絶望の二文字が急速に現実味を帯びてきた。
リストラ……無職……ホームレス……
卓造は自棄になったつもりで二人の元へ歩み寄っていた。
ただし両の手のひらは、股間の前で交差させたままである。

「で、出てきてやったぞ。わ、笑うな……!」

「くくくくっ、申し訳ありません。どうやら僕は佐伯氏の自尊心を傷付けたようです。ですが勘違いしないでくださいね。僕はアナタの心根を知ったうえで、同士に迎え入れたいと思っているんですから」

「ど、同士だって?」

突飛もない和也の答えに、卓造は唾を飛ばして聞き返していた。

「ええ、僕にとってたったひとりの同士にね」

呆けた顔をする卓造を前にして、和也が大きく頷いてみせる。

「俺が、たったひとりの同士……」

希望を失った顔をしていた。希望を失った声をしていた。
だが卓造は感じた。腹の中で蠢き始めた心地よい快楽を。
そして足元では、湧き上がるバイブの刺激に限界を迎えた千佳が、4度目の絶頂を可愛い声で知らせた。
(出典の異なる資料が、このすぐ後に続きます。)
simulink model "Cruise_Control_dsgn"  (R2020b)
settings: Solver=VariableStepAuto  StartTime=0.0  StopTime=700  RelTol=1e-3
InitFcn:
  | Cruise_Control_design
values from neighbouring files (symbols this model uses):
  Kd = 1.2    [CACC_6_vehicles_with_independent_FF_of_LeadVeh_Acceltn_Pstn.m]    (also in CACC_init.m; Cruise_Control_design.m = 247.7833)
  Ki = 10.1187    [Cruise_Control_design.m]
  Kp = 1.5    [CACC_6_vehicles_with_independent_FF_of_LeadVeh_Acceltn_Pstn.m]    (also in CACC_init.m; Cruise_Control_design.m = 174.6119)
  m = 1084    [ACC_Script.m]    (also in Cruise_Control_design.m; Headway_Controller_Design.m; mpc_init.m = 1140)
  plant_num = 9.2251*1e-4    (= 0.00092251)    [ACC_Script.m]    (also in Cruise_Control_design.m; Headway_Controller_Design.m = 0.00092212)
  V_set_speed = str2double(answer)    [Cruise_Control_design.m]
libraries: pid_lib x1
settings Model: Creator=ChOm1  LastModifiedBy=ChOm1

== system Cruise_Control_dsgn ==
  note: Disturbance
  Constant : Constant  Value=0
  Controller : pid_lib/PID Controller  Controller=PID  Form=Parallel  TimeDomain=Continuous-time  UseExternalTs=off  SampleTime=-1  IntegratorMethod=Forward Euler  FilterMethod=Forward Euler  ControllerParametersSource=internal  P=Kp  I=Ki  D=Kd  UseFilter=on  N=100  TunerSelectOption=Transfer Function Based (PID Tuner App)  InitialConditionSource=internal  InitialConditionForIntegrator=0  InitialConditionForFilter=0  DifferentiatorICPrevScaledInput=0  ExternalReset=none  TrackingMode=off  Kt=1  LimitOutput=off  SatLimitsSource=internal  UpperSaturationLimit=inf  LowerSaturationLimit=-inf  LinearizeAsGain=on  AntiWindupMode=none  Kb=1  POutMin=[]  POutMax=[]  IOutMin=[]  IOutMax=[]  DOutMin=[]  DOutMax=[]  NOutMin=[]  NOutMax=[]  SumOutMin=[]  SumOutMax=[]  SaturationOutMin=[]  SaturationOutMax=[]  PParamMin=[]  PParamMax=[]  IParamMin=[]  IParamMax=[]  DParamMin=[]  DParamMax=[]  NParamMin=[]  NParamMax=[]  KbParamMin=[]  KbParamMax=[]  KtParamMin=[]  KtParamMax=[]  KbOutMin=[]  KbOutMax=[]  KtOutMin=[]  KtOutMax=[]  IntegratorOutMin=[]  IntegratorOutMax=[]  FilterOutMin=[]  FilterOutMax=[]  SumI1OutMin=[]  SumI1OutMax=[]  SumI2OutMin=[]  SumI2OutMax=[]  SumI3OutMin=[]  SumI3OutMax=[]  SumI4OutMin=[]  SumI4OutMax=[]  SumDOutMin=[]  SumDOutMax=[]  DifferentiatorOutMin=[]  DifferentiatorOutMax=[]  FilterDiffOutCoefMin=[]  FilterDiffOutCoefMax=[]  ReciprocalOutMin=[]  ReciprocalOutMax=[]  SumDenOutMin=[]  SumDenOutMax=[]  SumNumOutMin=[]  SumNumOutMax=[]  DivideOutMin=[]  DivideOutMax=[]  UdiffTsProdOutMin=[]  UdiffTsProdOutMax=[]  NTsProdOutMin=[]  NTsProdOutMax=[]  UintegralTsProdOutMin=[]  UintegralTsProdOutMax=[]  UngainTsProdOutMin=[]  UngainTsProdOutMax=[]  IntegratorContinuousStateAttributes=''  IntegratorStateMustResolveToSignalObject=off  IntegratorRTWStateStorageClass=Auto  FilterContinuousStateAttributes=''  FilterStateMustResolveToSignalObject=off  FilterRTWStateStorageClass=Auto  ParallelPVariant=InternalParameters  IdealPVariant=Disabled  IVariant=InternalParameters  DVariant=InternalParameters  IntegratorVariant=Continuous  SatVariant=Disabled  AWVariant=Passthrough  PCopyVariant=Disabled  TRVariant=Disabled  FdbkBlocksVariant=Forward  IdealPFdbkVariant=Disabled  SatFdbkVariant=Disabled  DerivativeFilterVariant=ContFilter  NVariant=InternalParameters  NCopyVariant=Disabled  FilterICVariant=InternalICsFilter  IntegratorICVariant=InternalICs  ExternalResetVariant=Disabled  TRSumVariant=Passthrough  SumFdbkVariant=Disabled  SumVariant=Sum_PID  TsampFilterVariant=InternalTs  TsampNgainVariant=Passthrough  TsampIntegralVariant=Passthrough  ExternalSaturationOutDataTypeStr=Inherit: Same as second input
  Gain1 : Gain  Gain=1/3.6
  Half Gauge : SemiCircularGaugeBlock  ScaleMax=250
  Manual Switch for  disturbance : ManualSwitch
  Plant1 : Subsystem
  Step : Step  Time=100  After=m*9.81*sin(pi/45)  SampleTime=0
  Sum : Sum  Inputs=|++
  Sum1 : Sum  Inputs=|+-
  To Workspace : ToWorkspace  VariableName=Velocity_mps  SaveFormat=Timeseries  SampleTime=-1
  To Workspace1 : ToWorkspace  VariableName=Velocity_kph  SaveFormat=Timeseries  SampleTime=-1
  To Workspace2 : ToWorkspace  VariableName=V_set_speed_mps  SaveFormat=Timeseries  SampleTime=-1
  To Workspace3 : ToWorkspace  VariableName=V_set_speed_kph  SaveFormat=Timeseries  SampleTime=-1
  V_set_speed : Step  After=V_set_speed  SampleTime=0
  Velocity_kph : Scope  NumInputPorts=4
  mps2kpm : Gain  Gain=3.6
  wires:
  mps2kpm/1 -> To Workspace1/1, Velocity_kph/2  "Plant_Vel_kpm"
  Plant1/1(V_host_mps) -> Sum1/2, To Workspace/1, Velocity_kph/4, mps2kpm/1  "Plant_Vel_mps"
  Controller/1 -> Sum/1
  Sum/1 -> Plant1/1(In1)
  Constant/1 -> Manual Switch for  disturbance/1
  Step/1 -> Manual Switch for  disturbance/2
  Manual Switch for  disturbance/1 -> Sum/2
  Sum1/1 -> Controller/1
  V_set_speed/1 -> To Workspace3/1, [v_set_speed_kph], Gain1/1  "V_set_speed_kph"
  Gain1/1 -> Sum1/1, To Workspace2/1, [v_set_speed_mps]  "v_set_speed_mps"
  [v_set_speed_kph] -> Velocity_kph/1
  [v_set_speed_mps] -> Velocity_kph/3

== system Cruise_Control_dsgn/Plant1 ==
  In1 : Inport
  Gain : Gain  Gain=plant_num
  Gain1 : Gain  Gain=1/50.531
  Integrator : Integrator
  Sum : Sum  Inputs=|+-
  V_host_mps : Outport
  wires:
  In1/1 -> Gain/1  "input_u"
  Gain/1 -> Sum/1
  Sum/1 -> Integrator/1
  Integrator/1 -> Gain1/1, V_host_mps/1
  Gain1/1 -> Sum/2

それから10分後。和也から信じられない相談を持ち掛けられた卓造は、夢見心地のままOKサインを送る。
社会の底辺へ転落し始めた営業マンにとって、和也から垂らされた糸は細い蜘蛛の糸ではない。両手でしっかりと握れる太いロープだったのである。

「チカ、佐伯さんがお呼びだよ」

話がまとまり落ち着いたのを見計らったように、和也が千佳に声を掛けた。
一瞬首を上げて、はっとした顔をする少女だが、兄の命令は絶対なのだろう。
紅潮した顔をすぐに伏せると、四つん這いのまま卓造の足元へ移動する。

「か、和也君……お、俺はなにも、そんな……」

全裸の少女が目の前で畏まるのを見て、卓造はうろたえた。

「いいんですよ。佐伯さんは、そのままじっとしていて下さいね。チカ、佐伯さんのを、お前のお口で気持ちよくさせるんだ。できるよね?」

「は、はい……お兄ちゃん……」

(俺のを? お口で? 気持ちよく?)

卓造の脳ミソが、和也が口にした単語を復唱する。
その間にも膝立ちになった千佳によって、股間で揃えられた手のひらが解かれる。

「お嬢ちゃん……いや、そこは……その……」

半立ちのまま垂れ下がるペニスを露わにされて、千佳に負けないほど卓造も赤面していた。
そんな中年男の性器を目の当たりにした少女も、目を潤ませたまま言い様のない憂いを湛えていた。

「失礼します」

けれども、千佳の憂いは数秒で消えた。
氷の目で見下ろす和也に射すくめられたのか、目尻に涙を溜めたまま顔を寄せてきたのである。
卓造の股間へと。

(こんな可愛い少女を、1ヶ月間も自由に出来るなんて……)

ペニスを包み込む柔らかな肉の抱擁に、卓造は10分前に和也と交わした約束事を思い返していた。